What if it were both alpharius and omegron?


----------



## Aramoro (Oct 7, 2009)

Then probably still Horus. Alpharius and Omegron are not brilliant combatants Horus is, he's not a just a little bit better than either of them, he's a lot better than either of them.

Is this going to go like your Nightlords thread, what if it was Both of them and Horus had no weapons, and no armour, and he was already dead....


----------



## GWLlosa (Sep 27, 2009)

Horus would wtfpwn Alpharius, dropping him in a single volley of bolter fire. As he stepped forwards to check the corpse, though, his ship's pilot would backstab him, revealing that Horus had just killed Random Legionnaire #224, and that Alpharius was behind him the whole time.


----------



## Lux (Apr 17, 2010)

The nightlords thread was rather enjoyable, and I never stated in that thread anything of the likeness you are insinuatingk:

In regards to horus, I don't view him as being a top tier combatant. In his own view he views four above him, as well as of unsure where to ran kurze, potentially five.

Same with how corax views certain others above him, differing from horus opinion, same with dorn as well and so forth.

I think alpha+omeg could take horus....in a similar fashion as the above poster described, would be a random legionare he kills...and later he would be speaking with abadon, and then he feels a bolter through his skull, as he finds out, abaddon, and his top ranking officials were alpharius, omegron and alpha legionaires the whole time.


----------



## Giant Fossil Penguin (Apr 11, 2009)

I'm fairly sure that Horus, a very perceptive character, would be able to pick wether or not the bloke running at him is a fellow Primarch or not. Even if this attacker moves and carries themselves like a Primarch would, even if, should they get into CQC, they fight as hard and as skillfully as a Primarch, the whole psychic aura would be missing.
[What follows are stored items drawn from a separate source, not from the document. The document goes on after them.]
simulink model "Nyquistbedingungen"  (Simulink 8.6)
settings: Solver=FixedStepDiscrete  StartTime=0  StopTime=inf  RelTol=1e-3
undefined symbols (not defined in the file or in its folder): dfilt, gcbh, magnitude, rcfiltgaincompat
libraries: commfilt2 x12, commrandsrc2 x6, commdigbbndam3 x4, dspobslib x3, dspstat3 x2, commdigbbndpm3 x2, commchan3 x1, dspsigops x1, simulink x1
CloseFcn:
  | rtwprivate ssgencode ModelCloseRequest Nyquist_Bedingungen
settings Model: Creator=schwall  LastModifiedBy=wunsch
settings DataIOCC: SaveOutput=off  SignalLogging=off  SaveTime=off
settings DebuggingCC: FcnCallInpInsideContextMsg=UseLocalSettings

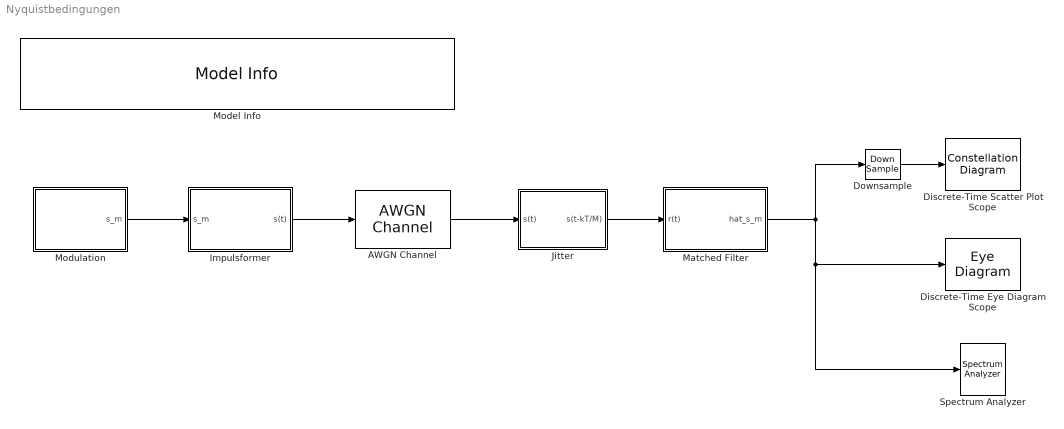
== system Nyquistbedingungen ==
  AWGN Channel : commchan3/AWGN Channel  InputProcessing=Inherited (this choice will be removed - see release notes)  seed=67  noiseMode="Signal to noise ratio  (Es/No)"  EbNodB=10  EsNodB=30  SNRdB=100  bitsPerSym=1  Ps=1/8  Tsym=1/100  variance=1
  Discrete-Time Eye Diagram Scope : EyeDiagram  Tag=EyeDiagram
  Discrete-Time Scatter Plot Scope : ConstellationDiagram  Tag=ScatterPlot
  Downsample : DownSample  N=8
  Impulsformer : Subsystem  mask(Impulsformer){rolloff_set=RRC Rolloff-Faktor 0}
      mask prompts: rolloff_set "Impulsformer:"
      mask help: Impulsformer auswaehlen.
      mask TypeOptions rolloff_set: RRC Rolloff-Faktor 0 | RRC Rolloff-Faktor 0.2 | RRC Rolloff-Faktor 0.4 | RRC Rolloff-Faktor 0.6 | RRC Rolloff-Faktor 0.8 | RRC Rolloff-Faktor 1 | Rechteck-Filter
  Jitter : Subsystem  mask{abtast_set=0}
      mask prompts: abtast_set "Abtastfehler (0...7)"
  Matched Filter : Subsystem  mask(Impulsformer){rolloff_set=RRC Rolloff-Faktor 0}
      mask prompts: rolloff_set "Impulsformer:"
      mask help: Impulsformer auswaehlen.
      mask TypeOptions rolloff_set: RRC Rolloff-Faktor 0 | RRC Rolloff-Faktor 0.2 | RRC Rolloff-Faktor 0.4 | RRC Rolloff-Faktor 0.6 | RRC Rolloff-Faktor 0.8 | RRC Rolloff-Faktor 1 | Rechteck-Filter
  Model Info : simulink/Model-Wide Utilities/Model Info  BlockCM=None  Frame=on  DisplayStringWithTags=|  HorizontalTextAlignment=Left  LeftAlignmentValue=0.02  SourceBlockDiagram=Nyquistbedingungen  TagMaxNumber=20
      | Demo Nyquist Bedingungen
      | Vorlesung Nachrichtentechnik II
      | Institut fuer Nachrichtentechnik (CEL)
  Modulation : Subsystem  mask(Modulation){mod_set=4-QAM, fs=1/100}
      mask prompts: mod_set "Modulationsverfahren:"; fs "Symboldauer [s]"
      mask help: Modulationsverfahren auswaehlen.
      mask TypeOptions mod_set: 2-ASK | QPSK | 16-PSK | 4-QAM | 16-QAM | 256-QAM
  Spectrum Analyzer : SpectrumAnalyzer
  wires:
  Modulation/1(s_m) -> Impulsformer/1(s_m)
  Impulsformer/1(s(t)) -> AWGN Channel/1
  AWGN Channel/1 -> Jitter/1(s(t))
  Downsample/1 -> Discrete-Time Scatter Plot Scope/1
  Matched Filter/1(hat_s_m) -> Downsample/1, Spectrum Analyzer/1, Discrete-Time Eye Diagram Scope/1
  Jitter/1(s(t-kT/M)) -> Matched Filter/1(r(t))

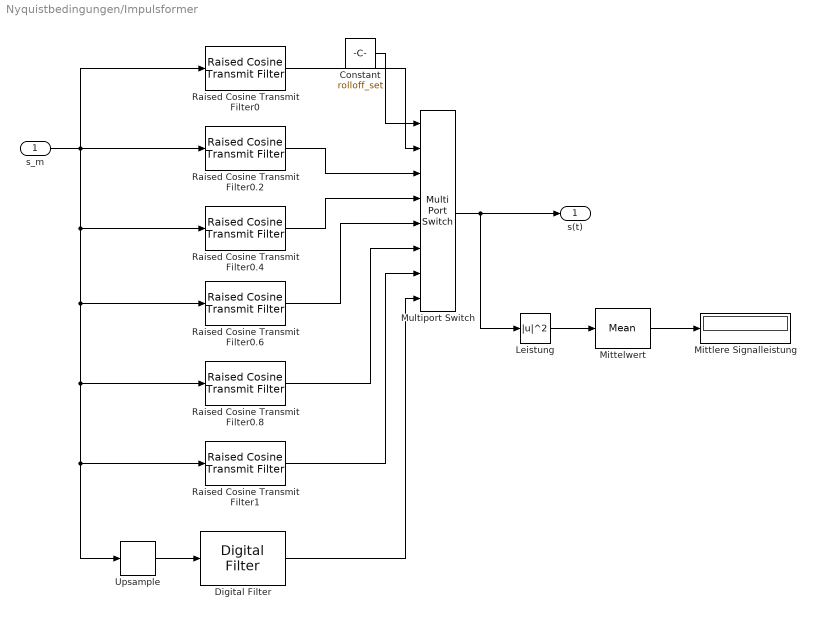
== system Nyquistbedingungen/Impulsformer ==
  s_m : Inport
  Constant : Constant  Value=rolloff_set
  Digital Filter : dspobslib/Digital Filter  TypePopup=FIR (all zeros)  IIRFiltStruct=Direct form II transposed  AllPoleFiltStruct=Direct form  FIRFiltStruct=Direct form  CoeffSource=Specify via dialog  NumCoeffs=1/sqrt(8)*ones(8,1)  DenCoeffs=[1 0.1]  BiQuadCoeffs=[1 0.3 0.4 1 0.1 0.2]  LatticeCoeffs=[0.2 0.4]  denIgnore=on  FiltPerSampPopup=One filter per frame  IC=0  ICnum=0  ICden=0  roundingMode=Floor  overflowMode=off  ScaleValues=1  scaleValueFracLength=14  stageInFracLength=15  stageOutFracLength=15  FilterSource=Specify via dialog  dfiltObjectName=dfilt.dffir([1 2 1])  InputProcessing=Inherited (this choice will be removed - see release notes)
  Leistung : Math  Operator=magnitude^2  SaturateOnIntegerOverflow=on
  Mittelwert : dspstat3/Mean  run=on  reset_popup=None  InputProcessing=Inherited (this choice will be removed - see release notes)  directionMode=Each column  dimension=1  roiEnable=off  roiType=Rectangles  roiPortion=Entire ROI  roiOutput=Individual statistics for each ROI  roiFlag=off  outputDataTypeStr=Inherit: Same as accumulator  outputLastDataTypeStr=Inherit: Same as accumulator  outputMin=[]  outputMax=[]  roundingMode=Floor  overflowMode=off
  Mittlere Signalleistung : Display
  Multiport Switch : MultiPortSwitch  Inputs=7
  Raised Cosine Transmit Filter0 : commfilt2/Raised Cosine Transmit Filter  filtType=Square root  filtSpan=2*(4)  currentFiltSpan=2*(4)  D=4  R=0  sampMode=Mute  saveAsFlag=0  N=8  framing=Maintain input frame rate  InputProcessing=Columns as channels (frame based)  checkGain=User-specified  filterGain=(1)*rcfiltgaincompat(gcbh)  checkCoeff=off  variableName=rcTxFilt  launchFVT=off  roundingMode=Floor  overflowMode=off
  Raised Cosine Transmit Filter0.2 : commfilt2/Raised Cosine Transmit Filter  filtType=Square root  filtSpan=2*(4)  currentFiltSpan=2*(4)  D=4  R=0.2  sampMode=Mute  saveAsFlag=0  N=8  framing=Maintain input frame rate  InputProcessing=Columns as channels (frame based)  checkGain=User-specified  filterGain=(1)*rcfiltgaincompat(gcbh)  checkCoeff=off  variableName=rcTxFilt1  launchFVT=off  roundingMode=Floor  overflowMode=off
  Raised Cosine Transmit Filter0.4 : commfilt2/Raised Cosine Transmit Filter  filtType=Square root  filtSpan=2*(4)  currentFiltSpan=2*(4)  D=4  R=0.4  sampMode=Mute  saveAsFlag=0  N=8  framing=Maintain input frame rate  InputProcessing=Columns as channels (frame based)  checkGain=User-specified  filterGain=(1)*rcfiltgaincompat(gcbh)  checkCoeff=off  variableName=rcTxFilt2  launchFVT=off  roundingMode=Floor  overflowMode=off
  Raised Cosine Transmit Filter0.6 : commfilt2/Raised Cosine Transmit Filter  filtType=Square root  filtSpan=2*(4)  currentFiltSpan=2*(4)  D=4  R=0.6  sampMode=Mute  saveAsFlag=0  N=8  framing=Maintain input frame rate  InputProcessing=Columns as channels (frame based)  checkGain=User-specified  filterGain=(1)*rcfiltgaincompat(gcbh)  checkCoeff=off  variableName=rcTxFilt3  launchFVT=off  roundingMode=Floor  overflowMode=off
  Raised Cosine Transmit Filter0.8 : commfilt2/Raised Cosine Transmit Filter  filtType=Square root  filtSpan=2*(4)  currentFiltSpan=2*(4)  D=4  R=0.8  sampMode=Mute  saveAsFlag=0  N=8  framing=Maintain input frame rate  InputProcessing=Columns as channels (frame based)  checkGain=User-specified  filterGain=(1)*rcfiltgaincompat(gcbh)  checkCoeff=off  variableName=rcTxFilt4  launchFVT=off  roundingMode=Floor  overflowMode=off
  Raised Cosine Transmit Filter1 : commfilt2/Raised Cosine Transmit Filter  filtType=Square root  filtSpan=2*(4)  currentFiltSpan=2*(4)  D=4  R=1  sampMode=Mute  saveAsFlag=0  N=8  framing=Maintain input frame rate  InputProcessing=Columns as channels (frame based)  checkGain=User-specified  filterGain=(1)*rcfiltgaincompat(gcbh)  checkCoeff=off  variableName=rcTxFilt5  launchFVT=off  roundingMode=Floor  overflowMode=off
  Upsample : dspsigops/Upsample  N=8  phase=0  InputProcessing=Inherited (this choice will be removed - see release notes)  RateOptions=Enforce single-rate processing  ic=0  mode=Unused parameter value
  s(t) : Outport
  wires:
  s_m/1 -> Raised Cosine Transmit Filter0/1, Raised Cosine Transmit Filter0.2/1, Raised Cosine Transmit Filter0.4/1, Raised Cosine Transmit Filter0.8/1, Raised Cosine Transmit Filter1/1, Upsample/1, Raised Cosine Transmit Filter0.6/1
  Mittelwert/1 -> Mittlere Signalleistung/1
  Leistung/1 -> Mittelwert/1
  Multiport Switch/1 -> Leistung/1, s(t)/1
  Raised Cosine Transmit Filter0/1 -> Multiport Switch/2
  Raised Cosine Transmit Filter0.2/1 -> Multiport Switch/3
  Raised Cosine Transmit Filter0.4/1 -> Multiport Switch/4
  Raised Cosine Transmit Filter0.6/1 -> Multiport Switch/5
  Raised Cosine Transmit Filter0.8/1 -> Multiport Switch/6
  Raised Cosine Transmit Filter1/1 -> Multiport Switch/7
  Constant/1 -> Multiport Switch/1
  Digital Filter/1 -> Multiport Switch/8
  Upsample/1 -> Digital Filter/1

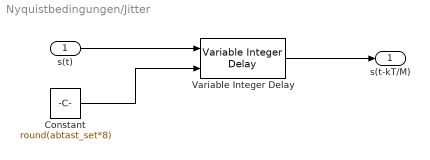
== system Nyquistbedingungen/Jitter ==
  s(t) : Inport
  Constant : Constant  Value=round(abtast_set*8)
  Variable Integer Delay : dspobslib/Variable Integer Delay  dmax=7  InputProcessing=Inherited (this choice will be removed - see release notes)  ic=0  noDFT=off
  s(t-kT/M) : Outport
  wires:
  Variable Integer Delay/1 -> s(t-kT/M)/1
  Constant/1 -> Variable Integer Delay/2
  s(t)/1 -> Variable Integer Delay/1

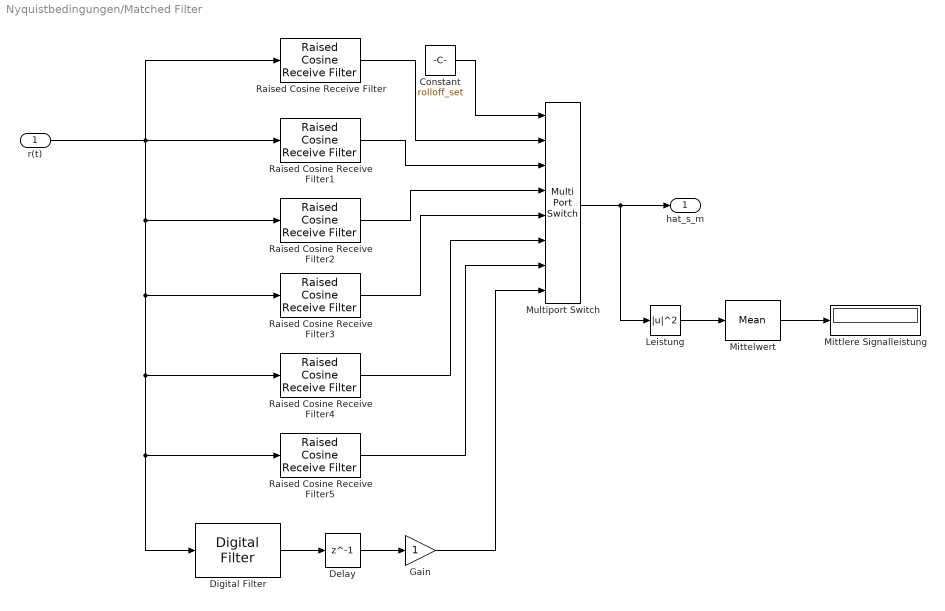
== system Nyquistbedingungen/Matched Filter ==
  r(t) : Inport
  Constant : Constant  Value=rolloff_set
  Delay : Delay  DelayLength=1  InitialCondition=0  InputProcessing=Columns as channels (frame based)
  Digital Filter : dspobslib/Digital Filter  TypePopup=FIR (all zeros)  IIRFiltStruct=Direct form II transposed  AllPoleFiltStruct=Direct form  FIRFiltStruct=Direct form  CoeffSource=Specify via dialog  NumCoeffs=1/sqrt(8)*ones(8,1)  DenCoeffs=[1 0.1]  BiQuadCoeffs=[1 0.3 0.4 1 0.1 0.2]  LatticeCoeffs=[0.2 0.4]  denIgnore=on  FiltPerSampPopup=One filter per frame  IC=0  ICnum=0  ICden=0  roundingMode=Floor  overflowMode=off  ScaleValues=1  scaleValueFracLength=14  stageInFracLength=15  stageOutFracLength=15  FilterSource=Specify via dialog  dfiltObjectName=dfilt.dffir([1 2 1])  InputProcessing=Inherited (this choice will be removed - see release notes)
  Gain : Gain
  Leistung : Math  Operator=magnitude^2  SaturateOnIntegerOverflow=on
  Mittelwert : dspstat3/Mean  run=on  reset_popup=None  InputProcessing=Inherited (this choice will be removed - see release notes)  directionMode=Each column  dimension=1  roiEnable=off  roiType=Rectangles  roiPortion=Entire ROI  roiOutput=Individual statistics for each ROI  roiFlag=off  outputDataTypeStr=Inherit: Same as accumulator  outputLastDataTypeStr=Inherit: Same as accumulator  outputMin=[]  outputMax=[]  roundingMode=Floor  overflowMode=off
  Mittlere Signalleistung : Display
  Multiport Switch : MultiPortSwitch  Inputs=7
  Raised Cosine Receive Filter : commfilt2/Raised Cosine Receive Filter  filtType=Square root  N=8  filtSpan=2*(4)  currentFiltSpan=2*(4)  D=4  R=0  sampMode=Mute  saveAsFlag=0  rateMode=Downsampling  downFactor=1  downOffset=0  framing=Maintain input frame rate  InputProcessing=Columns as channels (frame based)  checkGain=User-specified  filterGain=(1)*rcfiltgaincompat(gcbh)  checkCoeff=off  variableName=rcRxFilt  launchFVT=off  roundingMode=Floor  overflowMode=off
  Raised Cosine Receive Filter1 : commfilt2/Raised Cosine Receive Filter  filtType=Square root  N=8  filtSpan=2*(4)  currentFiltSpan=2*(4)  D=4  R=0.2  sampMode=Mute  saveAsFlag=0  rateMode=Downsampling  downFactor=1  downOffset=0  framing=Maintain input frame rate  InputProcessing=Columns as channels (frame based)  checkGain=User-specified  filterGain=(1)*rcfiltgaincompat(gcbh)  checkCoeff=off  variableName=rcRxFilt1  launchFVT=off  roundingMode=Floor  overflowMode=off
  Raised Cosine Receive Filter2 : commfilt2/Raised Cosine Receive Filter  filtType=Square root  N=8  filtSpan=2*(4)  currentFiltSpan=2*(4)  D=4  R=0.4  sampMode=Mute  saveAsFlag=0  rateMode=Downsampling  downFactor=1  downOffset=0  framing=Maintain input frame rate  InputProcessing=Columns as channels (frame based)  checkGain=User-specified  filterGain=(1)*rcfiltgaincompat(gcbh)  checkCoeff=off  variableName=rcRxFilt2  launchFVT=off  roundingMode=Floor  overflowMode=off
  Raised Cosine Receive Filter3 : commfilt2/Raised Cosine Receive Filter  filtType=Square root  N=8  filtSpan=2*(4)  currentFiltSpan=2*(4)  D=4  R=0.6  sampMode=Mute  saveAsFlag=0  rateMode=Downsampling  downFactor=1  downOffset=0  framing=Maintain input frame rate  InputProcessing=Columns as channels (frame based)  checkGain=User-specified  filterGain=(1)*rcfiltgaincompat(gcbh)  checkCoeff=off  variableName=rcRxFilt3  launchFVT=off  roundingMode=Floor  overflowMode=off
  Raised Cosine Receive Filter4 : commfilt2/Raised Cosine Receive Filter  filtType=Square root  N=8  filtSpan=2*(4)  currentFiltSpan=2*(4)  D=4  R=0.8  sampMode=Mute  saveAsFlag=0  rateMode=Downsampling  downFactor=1  downOffset=0  framing=Maintain input frame rate  InputProcessing=Columns as channels (frame based)  checkGain=User-specified  filterGain=(1)*rcfiltgaincompat(gcbh)  checkCoeff=off  variableName=rcRxFilt4  launchFVT=off  roundingMode=Floor  overflowMode=off
  Raised Cosine Receive Filter5 : commfilt2/Raised Cosine Receive Filter  filtType=Square root  N=8  filtSpan=2*(4)  currentFiltSpan=2*(4)  D=4  R=1  sampMode=Mute  saveAsFlag=0  rateMode=Downsampling  downFactor=1  downOffset=0  framing=Maintain input frame rate  InputProcessing=Columns as channels (frame based)  checkGain=User-specified  filterGain=(1)*rcfiltgaincompat(gcbh)  checkCoeff=off  variableName=rcRxFilt5  launchFVT=off  roundingMode=Floor  overflowMode=off
  hat_s_m : Outport
  wires:
  Raised Cosine Receive Filter5/1 -> Multiport Switch/7
  Raised Cosine Receive Filter4/1 -> Multiport Switch/6
  Raised Cosine Receive Filter3/1 -> Multiport Switch/5
  Raised Cosine Receive Filter2/1 -> Multiport Switch/4
  Constant/1 -> Multiport Switch/1
  Multiport Switch/1 -> Leistung/1, hat_s_m/1
  Leistung/1 -> Mittelwert/1
  Mittelwert/1 -> Mittlere Signalleistung/1
  r(t)/1 -> Raised Cosine Receive Filter4/1, Raised Cosine Receive Filter5/1, Digital Filter/1, Raised Cosine Receive Filter3/1, Raised Cosine Receive Filter2/1, Raised Cosine Receive Filter/1, Raised Cosine Receive Filter1/1
  Raised Cosine Receive Filter/1 -> Multiport Switch/2
  Raised Cosine Receive Filter1/1 -> Multiport Switch/3
  Digital Filter/1 -> Delay/1
  Gain/1 -> Multiport Switch/8
  Delay/1 -> Gain/1

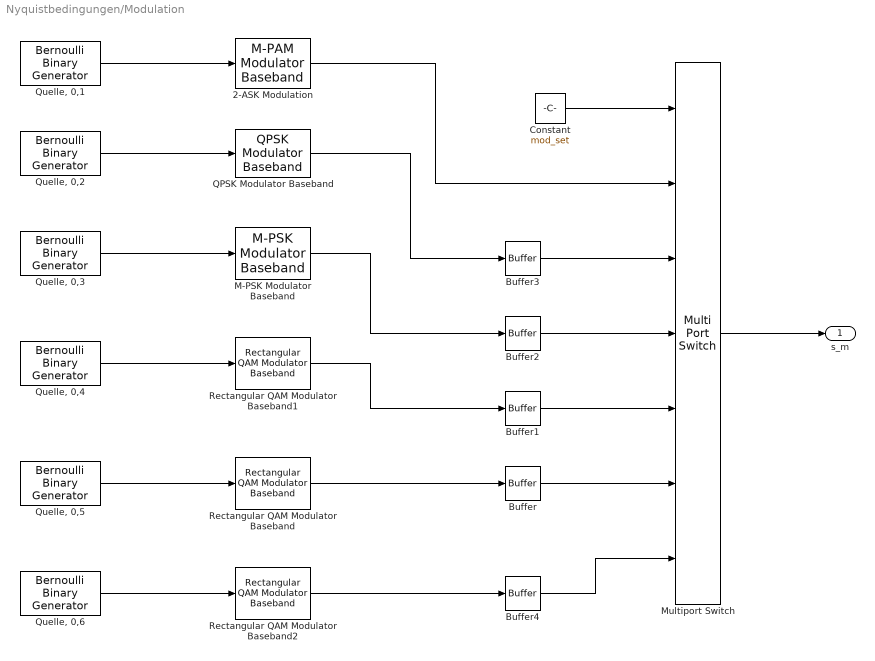
== system Nyquistbedingungen/Modulation ==
  2-ASK Modulation : commdigbbndam3/M-PAM Modulator Baseband  M=2  InType=Integer  Enc=Binary  PowType=Average Power  MinDist=2  AvgPow=1  PeakPow=1  outDtype=double  outWordLen=16  outUDDataType=sfix(16)  outFracLenMode=Best precision  outFracLen=15
  Buffer{,1..4} (5 alike) : Buffer  N=8
  Constant : Constant  Value=mod_set
  M-PSK Modulator Baseband : commdigbbndpm3/M-PSK Modulator Baseband  M=16  InType=Bit  Enc=Gray  Mapping=[0:7]  Ph=pi/8  outDtype=double  outWordLen=16  outUDDataType=sfix(16)  outFracLenMode=Best precision  outFracLen=15
  Multiport Switch : MultiPortSwitch  Inputs=6
  QPSK Modulator Baseband : commdigbbndpm3/QPSK Modulator Baseband  InType=Bit  Enc=Gray  Ph=0  outDtype=double  outWordLen=16  outUDDataType=sfix(16)  outFracLenMode=Best precision  outFracLen=15
  "Quelle, 0,1" : commrandsrc2/Bernoulli Binary Generator  P=0.5  seed=61  Ts=8*fs/8  frameBased=on  sampPerFrame=8  orient=off  outDataType=double
  "Quelle, 0,2" : commrandsrc2/Bernoulli Binary Generator  P=0.5  seed=61  Ts=4*fs/8  frameBased=on  sampPerFrame=8  orient=off  outDataType=double
  "Quelle, 0,3" : commrandsrc2/Bernoulli Binary Generator  P=0.5  seed=61  Ts=2*fs/8  frameBased=on  sampPerFrame=8  orient=off  outDataType=double
  "Quelle, 0,4" : commrandsrc2/Bernoulli Binary Generator  P=0.5  seed=61  Ts=4*fs/8  frameBased=on  sampPerFrame=8  orient=off  outDataType=double
  "Quelle, 0,5" : commrandsrc2/Bernoulli Binary Generator  P=0.5  seed=61  Ts=2*fs/8  frameBased=on  sampPerFrame=8  orient=off  outDataType=double
  "Quelle, 0,6" : commrandsrc2/Bernoulli Binary Generator  P=0.5  seed=61  Ts=fs/8  frameBased=on  sampPerFrame=8  orient=off  outDataType=double
  Rectangular QAM Modulator Baseband : commdigbbndam3/Rectangular QAM Modulator Baseband  M=16  InType=Bit  Enc=Gray  Mapping=[0:15]  PowType=Average Power  MinDist=2  AvgPow=1  PeakPow=1  Ph=0  outDtype=double  outWordLen=16  outUDDataType=sfix(16)  outFracLenMode=Best precision  outFracLen=15
  Rectangular QAM Modulator Baseband1 : commdigbbndam3/Rectangular QAM Modulator Baseband  M=4  InType=Bit  Enc=Gray  Mapping=[0:15]  PowType=Average Power  MinDist=2  AvgPow=1  PeakPow=1  Ph=0  outDtype=double  outWordLen=16  outUDDataType=sfix(16)  outFracLenMode=Best precision  outFracLen=15
  Rectangular QAM Modulator Baseband2 : commdigbbndam3/Rectangular QAM Modulator Baseband  M=256  InType=Bit  Enc=Gray  Mapping=[0:15]  PowType=Average Power  MinDist=2  AvgPow=1  PeakPow=1  Ph=0  outDtype=double  outWordLen=16  outUDDataType=sfix(16)  outFracLenMode=Best precision  outFracLen=15
  s_m : Outport
  wires:
  2-ASK Modulation/1 -> Multiport Switch/2
  QPSK Modulator Baseband/1 -> Buffer3/1
  M-PSK Modulator Baseband/1 -> Buffer2/1
  Rectangular QAM Modulator Baseband1/1 -> Buffer1/1
  Rectangular QAM Modulator Baseband/1 -> Buffer/1
  Constant/1 -> Multiport Switch/1
  Multiport Switch/1 -> s_m/1
  "Quelle, 0,1"/1 -> 2-ASK Modulation/1
  "Quelle, 0,2"/1 -> QPSK Modulator Baseband/1
  "Quelle, 0,3"/1 -> M-PSK Modulator Baseband/1
  "Quelle, 0,4"/1 -> Rectangular QAM Modulator Baseband1/1
  "Quelle, 0,5"/1 -> Rectangular QAM Modulator Baseband/1
  Buffer/1 -> Multiport Switch/6
  Buffer1/1 -> Multiport Switch/5
  Buffer2/1 -> Multiport Switch/4
  Buffer3/1 -> Multiport Switch/3
  Rectangular QAM Modulator Baseband2/1 -> Buffer4/1
  "Quelle, 0,6"/1 -> Rectangular QAM Modulator Baseband2/1
  Buffer4/1 -> Multiport Switch/7

We know that all of the Primarchs had a huge warp-aura, just look at Russ. When Primarchs fight it isn't just a physical combat, but a fight that takes place in the warp as well and wether it is unconcious or not, I'm certain that the Primarchs would be able to feel this; this means that Alpharius wouldn't be able to hide in plain sight, hs warp-aura giving him away to the greatest of the Primarchs.

GFP


----------



## Child-of-the-Emperor (Feb 22, 2009)

Well if the Battle of Eskrador account is to be believed, and the heavy amounts of speculation along with it, then Guilliman mistook a normal Captain/Alpha Astartes for Alpharius. Or of course it may have been Omegon, but I find it more likely to have been a generic Astartes, considering the apparent ease with which Guilliman took the individual down.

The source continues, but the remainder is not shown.